[Marxism] Quiting Marxism, embracing what?

Haines Brown brownh at hartford-hwp.com
Sat Dec 2 07:23:57 MST 2006


Joachim,

I don't understand why a simple little distinction remains so
difficult for us to resolve.

> Haines Brown writes, "Stan Goff's remarks were very brief and
> referred explicitly to his discouragement with Marxist institutional
> forms. How did ideology get in here?"
> 
> Stan wrote what is close to a 5,000-word essay on his blog, the
> essence of which, unless I completely misunderstand it, is not just
> to sever the sorts of ties he had had before with a specific group,
> but also to present a sweeping critique/summation of the experience
> of the organized Marxist left in this country.
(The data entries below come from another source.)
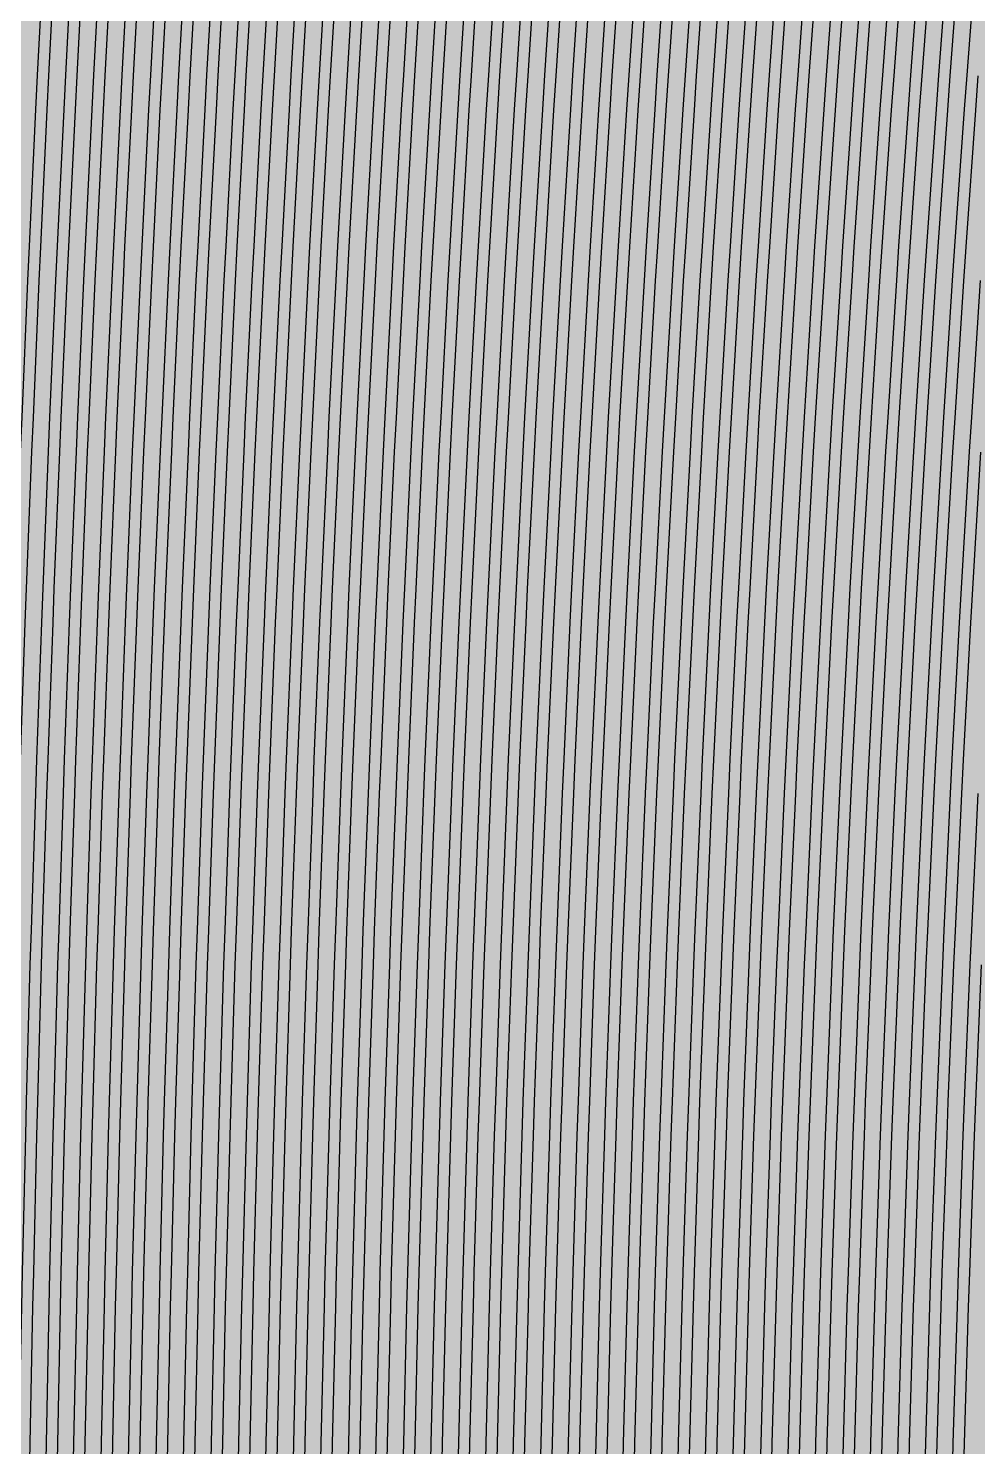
# Model space of a CAD drawing. Header units: metres. Extents: x -7220 to 10980, y -29667 to 1833.
# Drawn here: x 2229.9 to 2403.3, y -17548.6 to -17289.4 of the extents above; entities that cross this region are included whole.
import ezdxf

# ---------------------------------------------------------------- set-up
doc = ezdxf.new("R2010")
doc.units = ezdxf.units.M
doc.layers.add('Metal1', color=4, linetype='CONTINUOUS')
doc.layers.add('Polyimide', color=7, linetype='CONTINUOUS')

msp = doc.modelspace()

# ---------------------------------------------------------------- hatches: boundary and pattern name
at = {"layer": 'Polyimide'}
msp.add_hatch(color=7, dxfattribs=at).paths.add_polyline_path([(4099.45, -13861.55), (4142.64, -14152.77), (4214.18, -14438.35), (4313.36, -14715.55), (4439.24, -14981.69), (4590.59, -15234.21), (4765.97, -15470.68), (4963.68, -15688.82), (5181.82, -15886.53), (5418.29, -16061.91), (5670.81, -16213.26), (5936.95, -16339.14), (6214.15, -16438.32), (6499.73, -16509.85), (6790.95, -16553.05), (7085, -16567.5), (9980.38, -16567.5), (10058.79, -16571.35), (10136.45, -16582.87), (10212.6, -16601.95), (10286.52, -16628.4), (10357.49, -16661.96), (10424.83, -16702.32), (10487.89, -16749.09), (10546.06, -16801.81), (10598.78, -16859.98), (10645.55, -16923.04), (10685.91, -16990.38), (10719.48, -17061.35), (10745.93, -17135.27), (10765, -17211.43), (10776.52, -17289.08), (10780.38, -17367.5), (10780.38, -21957.3), (10741.61, -22012.91), (10705.97, -22070.59), (10673.58, -22130.14), (10644.53, -22191.39), (10618.92, -22254.16), (10596.82, -22318.25), (10578.3, -22383.46), (10563.41, -22449.6), (10552.21, -22516.46), (10544.72, -22583.84), (10540.97, -22651.53), (10540.97, -22719.32), (10544.72, -22787.01), (10552.21, -22854.38), (10563.41, -22921.24), (10578.3, -22987.38), (10596.82, -23052.6), (10618.92, -23116.68), (10644.53, -23179.45), (10673.58, -23240.71), (10705.97, -23300.26), (10741.61, -23357.93), (10780.38, -23413.54), (10780.38, -28667.5), (10776.52, -28745.91), (10765, -28823.57), (10745.93, -28899.73), (10719.48, -28973.65), (10685.91, -29044.62), (10645.55, -29111.96), (10598.78, -29175.01), (10546.06, -29233.19), (10487.89, -29285.91), (10424.83, -29332.68), (10357.49, -29373.04), (10286.52, -29406.6), (10212.6, -29433.05), (10136.45, -29452.13), (10058.79, -29463.65), (9980.38, -29467.5), (-6219.63, -29467.5), (-6298.04, -29463.65), (-6375.7, -29452.13), (-6451.85, -29433.05), (-6525.77, -29406.6), (-6596.74, -29373.04), (-6664.08, -29332.68), (-6727.14, -29285.91), (-6785.31, -29233.19), (-6838.03, -29175.01), (-6884.8, -29111.96), (-6925.16, -29044.62), (-6958.73, -28973.65), (-6985.18, -28899.73), (-7004.25, -28823.57), (-7015.77, -28745.91), (-7019.63, -28667.5), (-7019.63, -23426.32), (-6979.36, -23370.07), (-6942.33, -23311.63), (-6908.66, -23251.2), (-6878.45, -23188.96), (-6851.81, -23125.12), (-6828.81, -23059.88), (-6809.53, -22993.44), (-6794.04, -22926.02), (-6782.37, -22857.83), (-6774.57, -22789.09), (-6770.67, -22720.02), (-6770.67, -22650.84), (-6774.57, -22581.77), (-6782.37, -22513.03), (-6794.04, -22444.84), (-6809.53, -22377.42), (-6828.81, -22310.98), (-6851.81, -22245.74), (-6878.45, -22181.89), (-6908.66, -22119.66), (-6942.33, -22059.22), (-6979.36, -22000.79), (-7019.63, -21944.54), (-7019.63, -17367.5), (-7015.77, -17289.08), (-7004.25, -17211.43), (-6985.18, -17135.27), (-6958.73, -17061.35), (-6925.16, -16990.38), (-6884.8, -16923.04), (-6838.03, -16859.98), (-6785.31, -16801.81), (-6727.14, -16749.09), (-6664.08, -16702.32), (-6596.74, -16661.96), (-6525.77, -16628.4), (-6451.85, -16601.95), (-6375.7, -16582.87), (-6298.04, -16571.35), (-6219.63, -16567.5), (-3314, -16567.5), (-3019.95, -16553.05), (-2728.73, -16509.85), (-2443.15, -16438.32), (-2165.95, -16339.14), (-1899.81, -16213.26), (-1647.29, -16061.91), (-1410.82, -15886.53), (-1192.68, -15688.82), (-994.97, -15470.68), (-819.59, -15234.21), (-668.24, -14981.69), (-542.36, -14715.55), (-443.18, -14438.35), (-371.64, -14152.77), (-328.45, -13861.55), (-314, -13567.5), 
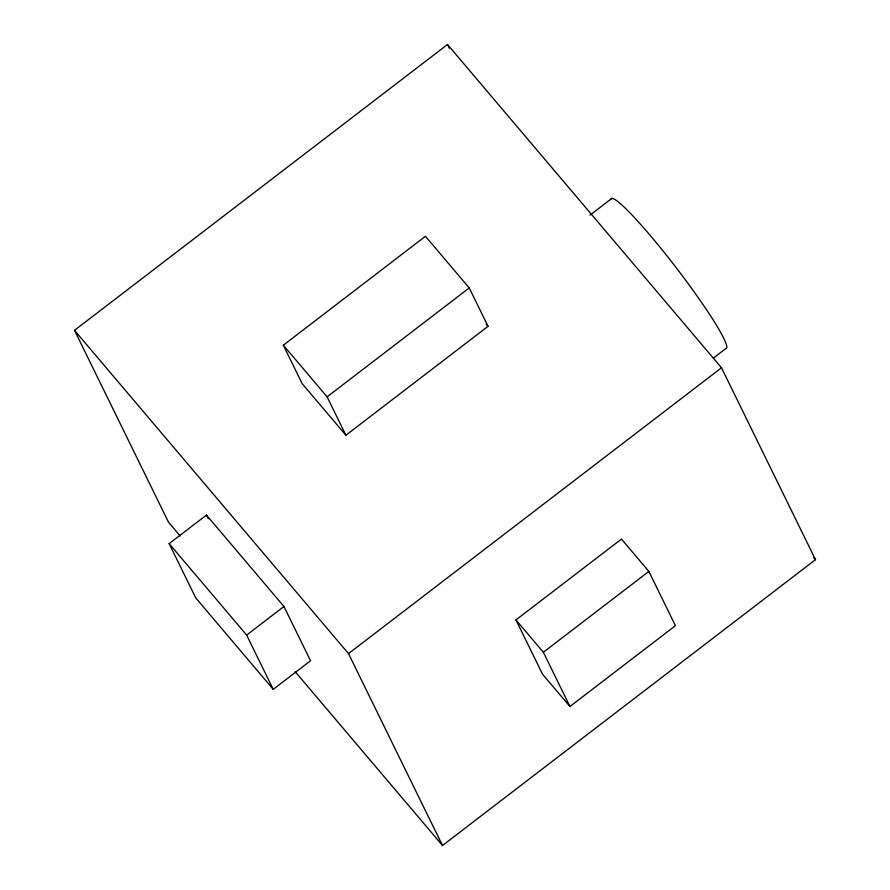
<?xml version="1.0" encoding="UTF-8"?>
<svg xmlns="http://www.w3.org/2000/svg" width="890" height="890" viewBox="0 0 890 890"><rect width="100%" height="100%" fill="white"/><g stroke="black" fill="none" stroke-linecap="round" stroke-linejoin="round"><path stroke-width="1.33" d="M180.181 535.991L168.51 522.219L74.504 330.335L447.503 44.5L721.49 367.781L815.496 559.665L442.497 845.5L295.168 671.672M283.332 345.198L425.453 236.284L469.23 287.937L488.032 326.319L345.91 435.232L302.133 383.579L283.332 345.198L327.108 396.851L345.91 435.232M327.108 396.851L469.23 287.937M590.003 215.135L611.942 198.314M169.156 543.645L206.458 515.065L283.954 606.502L310.543 660.769L273.241 689.361L195.744 597.913L169.156 543.645L246.652 635.082L273.241 689.361M246.652 635.082L283.954 606.502M713.591 357.936L725.65 348.68A94.451 9.389 52.5 0 0 674.909 266.032A94.451 9.389 52.5 0 0 610.874 199.616M442.497 845.5L348.502 653.616L721.49 367.781M515.955 619.93L621.454 539.084L648.855 571.413L675.443 625.681L569.934 706.527L542.544 674.197L515.955 619.93L543.356 652.259L569.934 706.527M543.356 652.259L648.855 571.413M813.694 557.552L815.496 559.665M486.24 324.205L488.032 326.319M74.504 330.335L348.502 653.616M447.503 44.5L449.328 48.238M206.458 515.065L208.271 518.759"/></g></svg>

Does not "organized Marxist left in this country" by definition refer
to institutions? It seems to me there are three possibilities: a)
Marxism as an ideology, b) political organizations that identify
themselves as being Marxist, c) organized movements that are not
political but nevertheless identity themselves as being Marxist. An
example of category (c) might be a Marxist union. Which of these three
do you believe Stan now shuns?

I've not read Stan's blog essay, but I'm quite willing to accept your
interpretation of it. I suggested that Stan's brief statement
indicated his discouragement with Marxist institutional forms; you
counter that it really indicated his discouragement with Marxist
organizational forms. What's the difference?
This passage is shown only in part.